I completely agree. I had my first speedcube (diansheng) and some stupid kid comes up and puts maple syrup in it. I washed it out and that made it worse.


----------



## ~Adam~ (Oct 21, 2010)

What a stupid thread title and douchebag is spelt wrong. More accurate titles are 'some people are douchebags' or 'most kids are douchebags'.

The way I see it you have three options:

1) Leave it a couple of days and see if he gives it back
2) Explain that the missing edge makes the cubes useless and he owes you the cost of the cube or he can give the edge back
3) Grass him up to his Mum

Alternatively just do them in order until you have the edge or (if he's lost/destroyed it) the money.


----------



## Chrish (Oct 21, 2010)

You don't like that he generalized all cubers, saying we all have no lives and whatever else you said..

Then why would you title your thread '' Noncubers are douchbags''? Hypocrite.


----------



## teller (Oct 21, 2010)

I thought the thread title was hilarious...I just had to click in to see what was inside.


----------



## Forte (Oct 21, 2010)

Buy a loaf of bread


----------



## Sa967St (Oct 21, 2010)

Forte gives the best advice.


----------



## Edward (Oct 21, 2010)

Such is life.

Why do you bring your best cube to school knowing it's in danger?


----------



## ~Phoenix Death~ (Oct 21, 2010)

Above post ^
-Never take your best speedcube to school. It's time to learn.
-Never bring a poppy cube. Buy a storebought, do everything including mods, sanding, etc, and use that for your school cube.
-The title is kinda mean. seriously. Your saying over a billion people are douchebags. :/. Meanie.


----------



## cmhardw (Oct 21, 2010)

Agreed on the title being offensive, changed it slightly.


----------



## That70sShowDude (Oct 21, 2010)

You want to tell his mom? How old are you?

Handle this like a man. Ask for it one more time up front, if he says no, you know what to do.


----------



## emolover (Oct 21, 2010)

That70sShowDude said:


> You want to tell his mom? How old are you?
> 
> Handle this like a man. Ask for it one more time up front, if he says no, you know what to do.


 
Im 15 and why should I not get his mom involved? They know my family, his mom works for my dad. And there no reason to fight if thats what your implying. Why on earth would I fight over a cube edge that cost about $2?

Edward, the reason I brought that one to school is because its the only 3x3 that I have not carved into a crappy 3x3 mod.


----------



## FatBoyXPC (Oct 21, 2010)

Puzzler: Find whatever hobby he enjoys and pour maple syrup in it (especially if he plays a wind instrument).
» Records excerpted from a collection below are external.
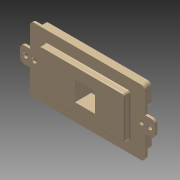
# Autodesk Inventor part: Wall_Switch_June_8_2017_Front._Sppt
Saved by Autodesk Inventor 2015 (Build 190159000, 159)
## iProperties
Created: 2014-05-05
Part Number: Wall_Switch_June_8_2017_Front._Sppt
Material: ABS Plastic
Document SubType Name: Modeling
Designer: admin
Density: 1.06 g/cm^3
Appearance: Smooth - Off-White
Author: admin
Autodesk Inventor part; units mm, degrees
sketch "Sketch1" plane through (0, 0, 0) normal (0, 0, 1) x (1, 0, 0)
  line L0 (-46.99, 28.575) -> (46.99, 28.575)
  line L1 (46.99, 28.575) -> (46.99, -28.575)
  line L2 (46.99, -28.575) -> (-46.99, -28.575)
  line L3 (-46.99, -28.575) -> (-46.99, 28.575)
  line L4 (45.2735, 26.416) -> (-44.3885, 26.416)
  line L5 (-44.831, -26.416) -> (44.831, -26.416)
  circle A0 centre (41.656, 0) radius 1.5875
  circle A1 centre (-41.656, -0.0059) radius 1.5875
  arc A2 (41.656, 3.175) -> (41.656, -3.175) centre (41.656, 0) ccw
  line L6 (-41.656, 3.1691) -> (-44.3885, 3.1691)
  line L7 (-41.656, -3.1809) -> (-44.831, -3.1809)
  line L8 (41.656, -3.175) -> (44.831, -3.175)
  line L9 (41.656, 3.175) -> (45.2735, 3.175)
  line L10 (44.831, -26.416) -> (44.831, -3.175)
  line L11 (45.2735, 3.175) -> (45.2735, 26.416)
  line L12 (-44.3885, 26.416) -> (-44.3885, 3.1691)
  arc A3 (-41.656, -3.1809) -> (-41.656, 3.1691) centre (-41.656, -0.0059) ccw
  line L13 (-44.831, -3.1809) -> (-44.831, -26.416)
  point P0 (0, 0)
  point P1 (0, 28.575)
  point P2 (-46.99, 0)
  constraints: 28 end point, 11 perpendicular, 7 parallel, 4 centre point, 4 point on circle, 4 tangent, 2 midpoint, 1 horizontal, 1 horizontal alignment, 1 vertical alignment
ref_plane "Work Plane1" through (0, 0, 0) normal (0, 0, 1) x (1, 0, 0)
sketch "Sketch2" plane through (0, 0, 0) normal (0, 0, 1) x (1, 0, 0)
  circle A0 centre (-41.656, -0.0059) radius 1.5875 projected
  circle A1 centre (41.656, 0) radius 1.5875 projected
  line L0 (-52.451, 25.4) -> (52.451, 25.4)
  line L1 (52.451, 25.4) -> (52.451, -25.4)
  line L2 (52.451, -25.4) -> (-52.451, -25.4)
  line L3 (-52.451, -25.4) -> (-52.451, 25.4)
  circle A2 centre (-41.656, -0.0059) radius 1.5875
  circle A3 centre (41.656, 0) radius 1.5875
  point P0 (0, 0)
  point P1 (0, 25.4)
  point P2 (52.451, 0)
  point P3 (-41.656, 0)
  point P4 (0, 12.7)
  dimension "d10" = 104.902
  dimension "d11" = 50.8
  constraints: 8 end point, 2 centre point, 2 coincident, 2 horizontal alignment, 2 midpoint, 2 parallel, 2 vertical alignment, 1 horizontal, 1 perpendicular
  measures "d10" distance of L1.end L2.end
  measures "d11" distance of L0.end L1.end
extrude "Extrusion2" add sketch "Sketch2" along normal blind 1.905
ref_plane "Work Plane3" through (0, 0, 2.54) normal (0, 0, 1) x (1, 0, 0)
sketch "Sketch4" plane through (0, 0, 2.54) normal (0, 0, 1) x (1, 0, 0)
  line L0 (-33.0835, 16.383) -> (33.0835, 16.383)
  line L1 (33.0835, 16.383) -> (33.0835, -16.383)
  line L2 (33.0835, -16.383) -> (-33.0835, -16.383)
  line L3 (-33.0835, -16.383) -> (-33.0835, 16.383)
  point P0 (0, 0)
  point P1 (0, 16.383)
  point P2 (33.0835, 0)
  dimension "d22" = 66.167
  dimension "d23" = 32.766
  constraints: 8 end point, 2 midpoint, 2 parallel, 1 horizontal, 1 horizontal alignment, 1 perpendicular, 1 vertical alignment
  measures "d22" distance of L1.end L2.end
  measures "d23" distance of L0.end L1.end
ref_plane "Work Plane2" through (0, 0, 0) normal (0, 0, -1) x (-1, 0, 0)
sketch "Sketch5" plane through (0, 0, 0) normal (0, 0, -1) x (-1, 0, 0)
  line L0 (44.3885, 3.1691) -> (44.3885, 25.4) projected
  line L1 (-45.2735, 25.4) -> (-45.2735, 3.175) projected
  line L2 (-45.2735, 3.175) -> (-41.656, 3.175) projected
  arc A0 (-41.656, -3.175) -> (-41.656, 3.175) centre (-41.656, 0) ccw projected
  line L3 (-41.656, -3.175) -> (-44.831, -3.175) projected
  line L4 (-44.831, -3.175) -> (-44.831, -25.4) projected
  line L5 (44.831, -25.4) -> (44.831, -3.1809) projected
  line L6 (44.831, -3.1809) -> (41.656, -3.1809) projected
  arc A1 (41.656, 3.1691) -> (41.656, -3.1809) centre (41.656, -0.0059) ccw projected
  line L7 (41.656, 3.1691) -> (44.3885, 3.1691) projected
  circle A2 centre (39.116, 12.7) radius 1.27
  circle A3 centre (39.116, -12.7) radius 1.27
  circle A4 centre (-39.116, -12.7) radius 1.27
  circle A5 centre (-39.116, 12.7) radius 1.27
  line L8 (-35.56, 20.32) -> (35.56, 20.32)
  line L9 (35.56, 20.32) -> (35.56, -20.32)
  line L10 (35.56, -20.32) -> (-35.56, -20.32)
  line L11 (-35.56, -20.32) -> (-35.56, 20.32)
  line L12 (46.99, -28.575) -> (46.99, 28.575) projected
  line L13 (-46.99, 28.575) -> (-46.99, -28.575) projected
  line L14 (-41.656, 22.86) -> (41.656, 22.86)
  line L15 (41.656, -22.86) -> (-41.656, -22.86)
  line L16 (-37.6174, 5.6991) -> (-37.6174, -5.6991)
  line L17 (37.6174, 5.6933) -> (37.6174, -5.705)
  arc A6 (37.6174, -5.705) -> (41.656, -6.9909) centre (41.656, -0.0059) ccw
  arc A7 (41.656, 6.9791) -> (37.6174, 5.6933) centre (41.656, -0.0059) ccw
  line L18 (41.656, 22.86) -> (41.656, 6.9791)
  line L19 (41.656, -6.9909) -> (41.656, -22.86)
  arc A8 (-37.6174, 5.6991) -> (-41.656, 6.985) centre (-41.656, 0) ccw
  arc A9 (-41.656, -6.985) -> (-37.6174, -5.6991) centre (-41.656, 0) ccw
  line L20 (-41.656, -22.86) -> (-41.656, -6.985)
  line L21 (-41.656, 6.985) -> (-41.656, 22.86)
  point P0 (0, 0)
  point P1 (-38.1, 0)
  point P2 (-35.56, 0)
  point P3 (0, 20.32)
  point P4 (0, 12.7)
  point P5 (41.656, -0.0059)
  dimension "d30" = 2.54
  dimension "d31" = 2.54
  dimension "d32" = 2.54
  dimension "d33" = 2.54
  dimension "d36" = 71.12
  dimension "d37" = 40.64
  dimension "d91" = 83.312
  dimension "d92" = 45.72
  dimension "d95" = 2.0574
  dimension "d205" = 2.54
  constraints: 26 end point, 10 parallel, 8 centre point, 8 point on circle, 4 vertical alignment, 3 coincident, 3 perpendicular, 2 horizontal, 2 horizontal alignment, 2 midpoint, 1 point on line
  measures "d30" diameter of A2
  measures "d31" diameter of A3
  measures "d32" diameter of A4
  measures "d33" diameter of A5
  measures "d36" distance of L9.end L10.end
  measures "d37" distance of L8.end L9.end
  measures "d91" distance of L15.start L15.end
  measures "d92" distance of L14.end L15.start
  measures "d95" distance between parallel lines of L17 L9
  measures "d205" distance between parallel lines of L8 L14
extrude "Extrusion8" add sketch "Sketch5" along normal blind 6.35
sketch "Sketch10" plane through (0, 0, 0) normal (0, 0, -1) x (-1, 0, 0)
  point P0 (0, 0)
sketch "Sketch7" plane through (0, 0, 0) normal (0, 0, -1) x (-1, 0, 0)
  line L0 (-33.02, 16.51) -> (33.02, 16.51)
  line L1 (33.02, 16.51) -> (33.02, -16.51)
  line L2 (33.02, -16.51) -> (-33.02, -16.51)
  line L3 (-33.02, -16.51) -> (-33.02, 16.51)
  point P0 (0, 0)
  point P1 (0, 16.51)
  point P2 (-33.02, 0)
  dimension "d55" = 66.04
  dimension "d56" = 33.02
  constraints: 8 end point, 2 midpoint, 2 parallel, 1 horizontal, 1 horizontal alignment, 1 perpendicular, 1 vertical alignment
  measures "d55" distance of L1.end L2.end
  measures "d56" distance of L0.end L1.end
sketch "Sketch8" plane through (0, 0, 1.905) normal (0, 0, 1) x (1, 0, 0)
  circle A0 centre (41.656, 0) radius 1.5875 projected
  circle A1 centre (-41.656, -0.0059) radius 1.5875 projected
  circle A2 centre (41.656, 0) radius 1.905
  circle A3 centre (-41.656, -0.0059) radius 1.905
  circle A4 centre (-48.387, 0) radius 1.905
  circle A5 centre (48.387, 0) radius 1.905
  point P0 (0, 0)
  dimension "d68" = 3.81
  dimension "d69" = 3.81
  dimension "d72" = 3.81
  dimension "d73" = 6.731
  dimension "d74" = 3.81
  dimension "d75" = 6.731
  constraints: 4 centre point, 2 coincident
  measures "d68" diameter of A2
  measures "d69" diameter of A3
  measures "d72" diameter of A4
  measures "d73" distance of A1.centre A4.centre
  measures "d74" diameter of A5
  measures "d75" distance of A5.centre A0.centre
extrude "Extrusion6" cut sketch "Sketch8" against normal blind 5.08
sketch "Sketch9" plane through (0, 0, 1.905) normal (0, 0, 1) x (1, 0, 0)
  line L0 (-52.451, 25.4) -> (-44.831, 25.4)
  line L1 (-44.831, 25.4) -> (-44.831, 6.35)
  line L2 (-44.831, 6.35) -> (-52.451, 6.35)
  line L3 (-52.451, 6.35) -> (-52.451, 25.4)
  line L4 (52.451, 25.4) -> (44.831, 25.4)
  line L5 (44.831, 25.4) -> (44.831, 6.35)
  line L6 (44.831, 6.35) -> (52.451, 6.35)
  line L7 (52.451, 6.35) -> (52.451, 25.4)
  line L8 (52.451, -25.4) -> (44.831, -25.4)
  line L9 (44.831, -25.4) -> (44.831, -6.35)
  line L10 (44.831, -6.35) -> (52.451, -6.35)
  line L11 (52.451, -6.35) -> (52.451, -25.4)
  line L12 (-52.451, -25.4) -> (-44.831, -25.4)
  line L13 (-44.831, -25.4) -> (-44.831, -6.35)
  line L14 (-44.831, -6.35) -> (-52.451, -6.35)
  line L15 (-52.451, -6.35) -> (-52.451, -25.4)
  line L16 (52.451, -25.4) -> (52.451, 25.4) projected
  point P0 (0, 0)
  point P1 (52.451, 15.875)
  point P2 (52.451, 0)
  dimension "d76" = 7.62
  dimension "d77" = 19.05
  dimension "d80" = 7.62
  dimension "d81" = 19.05
  dimension "d82" = 7.62
  dimension "d83" = 19.05
  dimension "d117" = 19.05
  dimension "d149" = 7.62
  constraints: 32 end point, 8 parallel, 4 horizontal, 4 perpendicular, 2 midpoint, 1 vertical alignment
  measures "d76" distance of L1.end L2.end
  measures "d77" distance of L0.end L1.end
  measures "d80" distance of L9.end L10.end
  measures "d81" distance of L8.end L9.end
  measures "d82" distance of L14.end L13.end
  measures "d83" distance of L13.end L12.end
  measures "d117" distance between parallel lines of L6 L4
  measures "d149" distance between parallel lines of L7 L5
extrude "Extrusion7" cut sketch "Sketch9" against normal blind 5.08
fillet "Fillet5" radius 3.175 8 edges at (44.831, 25.4, 0.9525) (52.451, 6.35, 0.9525) (-44.831, 25.4, 0.9525) (-52.451, 6.35, 0.9525) (52.451, -6.35, 0.9525) (44.831, -25.4, 0.9525) (-44.831, -25.4, 0.9525) (-52.451, -6.35, 0.9525)
fillet "Fillet7" radius 3.175 4 edges at (-41.656, -22.86, -3.175) (-41.656, 22.86, -3.175) (41.656, 22.86, -3.175) (41.656, -22.86, -3.175)
fillet "Fillet8" radius 3.175 4 edges at (-41.656, 6.9791, -3.175) (-41.656, -6.9909, -3.175) (41.656, 6.985, -3.175) (41.656, -6.985, -3.175)
sketch "Sketch13" plane through (0, 0, -6.35) normal (0, 0, -1) x (-1, 0, 0)
  line L0 (37.6174, -5.705) -> (37.6174, 5.6933) projected
  arc A0 (39.4732, 6.6293) -> (37.6174, 5.6933) centre (41.656, -0.0059) ccw projected
  line L1 (-37.6174, 5.6991) -> (-37.6174, -5.6991) projected
  arc A1 (-39.4732, -6.6352) -> (-37.6174, -5.6991) centre (-41.656, 0) ccw projected
  arc A2 (-37.6174, -3.0816) -> (-37.6174, 3.0816) centre (-41.656, 0) ccw
  arc A3 (37.6174, 3.0757) -> (37.6174, -3.0874) centre (41.656, -0.0059) ccw
  line L2 (37.6174, -3.0874) -> (37.6174, 3.0757)
  line L3 (-37.6174, -3.0816) -> (-37.6174, 3.0816)
  point P0 (0, 0)
  dimension "d107" = 10.16
  dimension "d108" = 10.16
  constraints: 4 end point, 4 point on circle, 4 point on line, 2 centre point, 2 coincident, 2 collinear
  measures "d107" diameter of A2
  measures "d108" diameter of A3
extrude "Extrusion9" [suppressed]
fillet "Fillet11" [suppressed]
fillet "Fillet12" [suppressed]
extrude "Extrusion17" add sketch "Sketch7" against normal blind 6.35
sketch "Sketch22" plane through (0, 0, 0) normal (0, 0, -1) x (-1, 0, 0)
  line L0 (-10.16, -7.7495) -> (5.3391, -7.7495)
  line L1 (5.3391, -7.7495) -> (5.3391, 7.7495)
  line L2 (5.3391, 7.7495) -> (-10.16, 7.7495)
  line L3 (-10.16, 7.7495) -> (-10.16, -7.7495)
  line L4 (-33.02, 16.51) -> (-33.02, -16.51) projected
  line L5 (41.656, 9.6453) -> (41.656, 19.685) projected
  point P0 (0, 0)
  point P1 (-33.02, 15.875)
  point P2 (-33.02, -15.875)
  point P3 (-10.16, 0)
  dimension "d194" = 15.4991
  dimension "d195" = 15.4991
  dimension "d197" = 51.816
  constraints: 8 end point, 2 parallel, 1 horizontal, 1 horizontal alignment, 1 midpoint, 1 perpendicular
  measures "d194" distance of L2.end L0.start
  measures "d195" distance of L1.end L2.end
  measures "d197" distance between parallel lines of L3 L5
extrude "Extrusion18" cut sketch "Sketch22" against normal blind 25.4
sketch "Sketch23" plane through (0, 0, 0) normal (0, 0, -1) x (-1, 0, 0)
  line L0 (5.3391, 7.7495) -> (-10.16, 7.7495)
  line L1 (-10.16, 7.7495) -> (-10.16, -7.7495)
  line L2 (-10.16, -7.7495) -> (5.3391, -7.7495)
  line L3 (5.3391, -7.7495) -> (5.3391, 7.7495)
  line L4 (-11.684, 9.2735) -> (6.8631, 9.2735)
  line L5 (6.8631, 9.2735) -> (6.8631, -9.2735)
  line L6 (6.8631, -9.2735) -> (-11.684, -9.2735)
  line L7 (-11.684, -9.2735) -> (-11.684, 9.2735)
  point P0 (0, 0)
  dimension "d201" = 1.524
  constraints: 16 end point, 4 parallel, 2 perpendicular, 1 horizontal, 3 other
  measures "d201" distance between parallel lines of L0 L4
extrude "Extrusion19" add sketch "Sketch23" along normal blind 6.35
fillet "Fillet17" radius 1.27 4 edges at (11.684, 9.2735, -3.175) (-6.8631, 9.2735, -3.175) (11.684, -9.2735, -3.175) (-6.8631, -9.2735, -3.175)
fillet "Fillet20" radius 1.905 4 edges at (-33.02, -16.51, 4.1275) (-33.02, 16.51, 4.1275) (33.02, -16.51, 4.1275) (33.02, 16.51, 4.1275)
sketch "Sketch24" plane through (0, 0, -6.35) normal (0, 0, -1) x (-1, 0, 0)
  circle A0 centre (37.5285, 18.7325) radius 1.5875
  line L0 (-35.56, 20.32) -> (35.56, 20.32)
  line L1 (35.56, 20.32) -> (35.56, -20.32)
  line L2 (35.56, -20.32) -> (-35.56, -20.32)
  line L3 (-35.56, -20.32) -> (-35.56, 20.32)
  line L4 (35.56, -20.32) -> (35.56, 20.32) projected
  line L5 (38.0025, 17.2174) -> (43.4689, 17.2174) construction
  line L6 (41.656, 9.6453) -> (41.656, 19.685) projected
  line L7 (35.56, 20.32) -> (-35.56, 20.32) projected
  line L8 (35.56, 20.32) -> (37.5285, 20.32)
  line L9 (38.7245, 17.6886) -> (35.56, 13.335)
  circle A1 centre (37.5285, -18.7325) radius 1.5875
  line L10 (35.56, -20.32) -> (37.5285, -20.32)
  line L11 (35.56, -13.335) -> (38.9189, -17.9663)
  circle A2 centre (-37.5285, 18.7325) radius 1.5875
  line L12 (-41.656, 19.685) -> (-41.656, 9.6512) projected
  line L13 (-35.56, 20.32) -> (-37.5285, 20.32)
  line L14 (-35.56, -20.32) -> (-35.56, 20.32) projected
  line L15 (-38.7245, 17.6886) -> (-38.481, 17.4625)
  line L16 (-38.7245, 17.6886) -> (-35.56, 13.335)
  circle A3 centre (-37.5285, -18.7325) radius 1.5875
  line L17 (-35.56, -20.32) -> (-37.5285, -20.32)
  line L18 (-38.8115, -17.7977) -> (-35.56, -13.335)
  point P0 (0, 0)
  point P1 (35.56, 13.3804)
  dimension "d209" = 3.175
  dimension "d210" = 2.54
  dimension "d211" = 1.5875
  dimension "d212" = 3.175
  dimension "d213" = 1.5875
  dimension "d214" = 6.985
  dimension "d215" = 6.985
  dimension "d216" = 3.175
  dimension "d217" = 4.1275
  dimension "d218" = 3.175
  constraints: 28 end point, 11 point on circle, 5 horizontal alignment, 5 point on line, 4 centre point, 3 tangent, 2 horizontal, 2 parallel, 2 perpendicular, 2 vertical alignment, 1 collinear
  measures "d209" diameter of A0
  measures "d210" distance edge to line of A0 L6
  measures "d211" distance from line of A0.centre L0
  measures "d212" diameter of A1
  measures "d213" distance from line of L2 A1.centre
  measures "d214" distance of L9.end L0.end
  measures "d215" distance of L11.start L1.end
  measures "d216" diameter of A2
  measures "d217" distance from line of A2.centre L12
  measures "d218" diameter of A3
extrude "Extrusion20" cut sketch "Sketch24" against normal blind 6.35 contours A0 | A0 L9 L1 L8 | L3 L16 A2 L13 | L11 A1 L10 L1 | A2 L15 | L11 A1 | L3 L17 A3 L18 | A3 picked at (-37.2522, 18.6899) picked at (37.9734, -18.2759)
fillet "Fillet18" radius 3.175 4 edges at (35.56, 13.335, -3.175) (35.56, -13.335, -3.175) (-35.56, 13.335, -3.175) (-35.56, -13.335, -3.175)
fillet "Fillet21" radius 0.635 16 edges at (-32.462, -15.952, 6.35) (0, -16.51, 6.35) (32.462, -15.952, 6.35) (33.02, 0, 6.35) (32.462, 15.952, 6.35) (0, 16.51, 6.35) (-32.462, 15.952, 6.35) (-33.02, 0, 6.35) (-32.462, 15.952, 1.905) (0, 16.51, 1.905) (32.462, 15.952, 1.905) (33.02, 0, 1.905) (32.462, -15.952, 1.905) (0, -16.51, 1.905) (-32.462, -15.952, 1.905) (-33.02, 0, 1.905)
sketch "Sketch25" plane through (0, 0, 6.35) normal (0, 0, 1) x (1, 0, 0)
  line L0 (-44.831, 25.4) -> (44.8432, 25.4)
  line L1 (44.8432, 25.4) -> (44.8432, -25.4054)
  line L2 (44.8432, -25.4054) -> (-44.831, -25.4054)
  line L3 (-44.831, -25.4054) -> (-44.831, 25.4)
  line L4 (42.3032, -22.8654) -> (42.3032, 22.86)
  line L5 (42.3032, 22.86) -> (-42.291, 22.86)
  line L6 (-42.291, 22.86) -> (-42.291, -22.8654)
  line L7 (-42.291, -22.8654) -> (42.3032, -22.8654)
  line L8 (39.7632, 20.32) -> (39.7632, -20.3254)
  line L9 (39.7632, -20.3254) -> (-39.751, -20.3254)
  line L10 (-39.751, -20.3254) -> (-39.751, 20.32)
  line L11 (-39.751, 20.32) -> (39.7632, 20.32)
  line L12 (37.2232, -17.7854) -> (37.2232, 17.78)
  line L13 (37.2232, 17.78) -> (-37.211, 17.78)
  line L14 (-37.211, 17.78) -> (-37.211, -17.7854)
  line L15 (-37.211, -17.7854) -> (37.2232, -17.7854)
  point P0 (0, 0)
  dimension "d220" = 2.54
  dimension "d221" = 2.54
  dimension "d222" = 2.54
  constraints: 32 end point, 8 parallel, 4 perpendicular, 1 horizontal, 9 other
  measures "d220" distance between parallel lines of L1 L4
  measures "d221" distance between parallel lines of L4 L8
  measures "d222" distance between parallel lines of L8 L12
extrude "Extrusion21" [suppressed]
sketch "Sketch26" plane through (0, 0, 4.445) normal (0, 0, -1) x (-1, 0, 0)
  line L0 (-44.8432, -25.4054) -> (44.831, -25.4054)
  line L1 (44.831, -25.4054) -> (44.831, 25.4)
  line L2 (44.831, 25.4) -> (-44.8432, 25.4)
  line L3 (-44.8432, 25.4) -> (-44.8432, -25.4054)
  point P0 (0, 0)
  constraints: 8 end point, 2 parallel, 1 horizontal, 1 perpendicular
extrude "Extrusion22" [suppressed]
sketch "Sketch27" plane through (0, 0, 4.445) normal (0, 0, -1) x (-1, 0, 0)
  circle A0 centre (-43.5732, -24.1354) radius 0.635
  line L0 (-44.8432, 25.4) -> (-44.8432, -25.4054) projected
  line L1 (-44.8432, -25.4054) -> (44.831, -25.4054) projected
  circle A1 centre (-43.5732, 24.1246) radius 0.635
  circle A2 centre (-38.4424, -24.1354) radius 0.635
  circle A3 centre (-38.4424, 24.1246) radius 0.635
  circle A4 centre (-33.3116, -24.1354) radius 0.635
  circle A5 centre (-33.3116, 24.1246) radius 0.635
  circle A6 centre (-28.1808, -24.1354) radius 0.635
  circle A7 centre (-28.1808, 24.1246) radius 0.635
  circle A8 centre (-23.05, -24.1354) radius 0.635
  circle A9 centre (-23.05, 24.1246) radius 0.635
  circle A10 centre (-17.9192, -24.1354) radius 0.635
  circle A11 centre (-17.9192, 24.1246) radius 0.635
  circle A12 centre (-12.7884, -24.1354) radius 0.635
  circle A13 centre (-12.7884, 24.1246) radius 0.635
  circle A14 centre (-7.6576, -24.1354) radius 0.635
  circle A15 centre (-7.6576, 24.1246) radius 0.635
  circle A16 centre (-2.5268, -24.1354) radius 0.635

To the OP: i agree with asking for it back or the money for a new cube. If you never see it again (or the money) just take something of value of his. The great part about this is what his mom works for your Dad. You will win this situation, I promise. Once he takes something of such value your parents are upset, his mom gets to hear about it at work.


----------



## Chapuunka (Oct 21, 2010)

emolover said:


> he says that we have no lives and all the normal things cube haters say. We fire back with saying that its better then marching band. Then he gets pissed because he knows its true


 
I do not understand.



fatboyxpc said:


> pour maple syrup in...a wind instrument.


 
AHH, NO!


----------



## emolover (Oct 21, 2010)

Chapuunka said:


> I do not understand.


 
It means that he is making fun of people who are thought to have no life even though he literaly has no life.


----------



## Chapuunka (Oct 21, 2010)

emolover said:


> It means that he is making fun of people who are thought to have no life even though he literaly has no life.


 
Either you have a really crappy marching band, or you have never been in band. People in band _can_ have a life, and most of us do. You're just stereotyping band kids, or generalizing them based off one kid.


----------



## a small kitten (Oct 21, 2010)

Why does this thread even exist?


----------



## ElectricDoodie (Oct 21, 2010)

emolover said:


> Im 15 and why should I not get his mom involved? They know my family, *his mom works for my dad.* And there no reason to fight if thats what your implying. Why on earth would I fight over *a cube edge that cost about $2?*


 
That's an expensive edge!

Also, tell your dad to fire her.

Now, for my serious response.
If this happened to me in High School, I would:
*1st:* Wait 1 day.
*2nd:* Fight him. (Yes, immature, but I'm fine with it. I'm a scrawny kid, but I never had a problem with just throwing myself into a fight, when I was in High School. Besides, it would teach him not to mess with me anymore, cause I won't just let it go. I understand some people aren't willing to throw themselves into a fight, much less a losing fight.)
*3rd:* Call his parents and explain it all.
*4th*: If #3 didn't work, tell my parents to talk to his parents and work it out.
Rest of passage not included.